Trombosit Yüksekliği Belirtileri
- Hastalığın önde gelen belirtisi, kandaki trombositlerin sürekli veya yavaşça artmasıdır.
- Bunun sonucunda küçük kan damarlarında dolaşım bozuklukları ve çeşitli organlarda fonksiyonel şikayetler ortaya çıkar.
- El ve ayak parmaklarındaki kan dolaşımının bozulması, şişlik ve yanma ile birlikte ağrılı kızarıklığa yol açar. Bu durumda doktor eritromelaljiden bahseder.
- Bacaklara kan akışının olmaması nedeniyle yürürken ağrı, konsantrasyon bozuklukları ve görme bozuklukları da trombositemi belirtileri arasındadır.
- Çoğu kan hücresi gibi trombositler de 5 ila 12 günlük bir yaşam süresinin ardından karaciğer ve dalakta parçalanır. Trombosit birikiminin artması nedeniyle her iki organ da şişebilir. Bu hepatosplenomegali, etkilenen kişide ağrı veya karnın üst kısmında baskı hissi yoluyla kendini hissettirir.
Trombosit Yüksekliği Nedenleri
- Trombositozun nedenleri çeşitli türlerde olabilir. Örneğin, trombosit sayısındaki kısa süreli bir artış, hematopoetik sistem hastalıkları bağlamında, splenektomilerden sonra veya büyük kan kayıplarından sonra meydana geldiği gibi, kan sayımındaki reaktif bir değişikliğe karşılık gelebilir. Bu nedenle, örneğin ameliyat sonrası hastalar sıklıkla bu fenomenden etkilenir.
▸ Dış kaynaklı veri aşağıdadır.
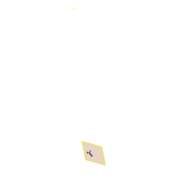
# Autodesk Inventor part: Agarre Cortadora
Saved by Autodesk Inventor 2021 (Build 250183000, 183)
## iProperties
Created: 2021-07-14
Part Number: Agarre Cortadora
Material: Generic
Document SubType Name: Modeling
Designer: maaro
Density: 1 g/cm^3
Appearance: Default
Author: maaro
Autodesk Inventor part; units mm, degrees
ref_plane "YZ Plane" through (0, 0, 0) normal (1, 0, 0) x (0, 1, 0)
ref_plane "XZ Plane" through (0, 0, 0) normal (0, 1, 0) x (-1, 0, 0)
ref_plane "XY Plane" through (0, 0, 0) normal (0, 0, 1) x (1, 0, 0)
ref_plane "Work Plane1" through (838.3238, -6744.4303, 0) normal (0, 0, 1) x (-0.969394, -0.2455104, 0)
sketch "Sketch1" plane through (838.3238, -6744.4303, 0) normal (0, 0, 1) x (-0.969394, -0.2455104, 0)
  circle A0 centre (0, 0) radius 35
  circle A1 centre (0, 0) radius 25
  arc A2 (-5.7334, 13.861) -> (-0.8591, 14.9754) centre (0, 0) ccw
  line L0 (-0.8591, 14.9754) -> (-2.9117, 23.9535)
  line L1 (-2.9117, 23.9535) -> (1.4752, 24.9564)
  arc A3 (-12.1727, 21.8363) -> (1.4752, 24.9564) centre (0, 0) ccw
  line L2 (-12.1727, 21.8363) -> (-7.7859, 22.8392)
  line L3 (-7.7859, 22.8392) -> (-5.7334, 13.861)
  point P0 (-843.1619, -6743.8271)
  dimension "d0" = 70
  dimension "d1" = 50
  constraints: 8 end point, 4 centre point, 4 point on circle, 1 coincident, 1 concentric, 14 other
  measures "d0" diameter of A0
  measures "d1" diameter of A1
extrude "Extrusion1" add sketch "Sketch1" along normal mid plane 150
sketch "Sketch2" plane through (838.3238, -6744.4303, 0) normal (0, 0, 1) x (-0.969394, -0.2455104, 0)
  point P0 (-843.1619, -6743.8271)
sketch "Sketch3" plane through (838.3238, -6744.4303, 0) normal (0, 0, 1) x (-0.969394, -0.2455104, 0)
  circle A0 centre (0, 0) radius 35 projected
  arc A1 (-11.9707, 32.8892) -> (-31.7208, 14.7916) centre (0, 0) ccw
  line L0 (0, 0) -> (-11.9707, 32.8892) construction
  line L1 (0, 0) -> (35, 0) construction
  line L2 (0, 0) -> (-31.7208, 14.7916) construction
  line L3 (-11.9707, 32.8892) -> (-31.7208, 14.7916) construction
  line L4 (-11.9707, 32.8892) -> (-147.0887, 180.3447)
  line L5 (-147.0887, 180.3447) -> (-166.8388, 162.2471)
  line L6 (-166.8388, 162.2471) -> (-31.7208, 14.7916)
  line L7 (-140.074, 152.864) -> (-72.515, 79.1362) construction
  line L8 (-143.7604, 149.486) -> (-76.2014, 75.7583)
  line L9 (-68.8286, 82.5142) -> (-136.3876, 156.2419)
  arc A2 (-136.3876, 156.2419) -> (-143.7604, 149.486) centre (-140.074, 152.864) ccw
  arc A3 (-76.2014, 75.7583) -> (-68.8286, 82.5142) centre (-72.515, 79.1362) ccw
  point P0 (-843.1619, -6743.8271)
  point P1 (-106.2945, 116.0001)
  point P2 (-156.9638, 171.2959)
  dimension "d4" = 35
  dimension "d5" = 110
  dimension "d6" = 45
  dimension "d7" = 200
  dimension "d8" = 200
  dimension "d9" = 100
  dimension "d10" = 10
  dimension "d11" = 25
  constraints: 22 end point, 8 point on circle, 4 tangent, 3 centre point, 3 perpendicular, 2 midpoint, 1 equal length, 1 horizontal, 1 parallel, 1 point on line
  measures "d4" radius of A1
  measures "d5" angle of L1 L0
  measures "d6" angle of L0 L2
  measures "d7" distance of L0.end L4.end
  measures "d8" distance of L5.end L2.end
  measures "d9" distance of L7.start L7.end
  measures "d10" diameter of A3
  measures "d11" distance from line of L7.start L5
extrude "Extrusion2" add sketch "Sketch3" along normal mid plane 40 contours A0 L6 L5 L4
body "Solid1"

- Ancak kandaki trombosit sayısı enfeksiyonlar veya tümör hastalıkları sırasında da geçici olarak artabilir. Sitostatik kemoterapi, kronik demir eksikliği ve kronik enflamatuar hastalıklar da geçici trombositoza neden olabilir.
- Miyeloproliferatif hastalıklar bağlamındaki trombositoz bu nedenlerden ayırt edilmelidir. Bu hastalıklarda hücrelerin çoğalması artmaktadır.
Trombosit Sayısını Yükselten Besinler Nelerdir?
C vitamini içeren diyet trombosit sayısını artırır.
Okayama’daki Okayama Üniversitesi Tıp Fakültesi’nden Atsushi Hirano ve Hiroshi Ueoka 2007 yılında yaptıkları bir çalışmada yüksek dozda askorbik asidin kronik olarak düşük trombosit sayılarının tedavisinde yararlı bir araç olduğunu kanıtlamıştır. C vitamini ile diyet takviyesine ek olarak, aşağıdaki gibi turunçgillerin tüketimi
- Portakallar,
- limonlar ve
- Kiviler
diyet yoluyla trombositleri artırmada yardımcı olarak. Ayrıca C vitamini içerenler
- Domates,
- Yeşil biber,
- Lahana
- ve brokoli.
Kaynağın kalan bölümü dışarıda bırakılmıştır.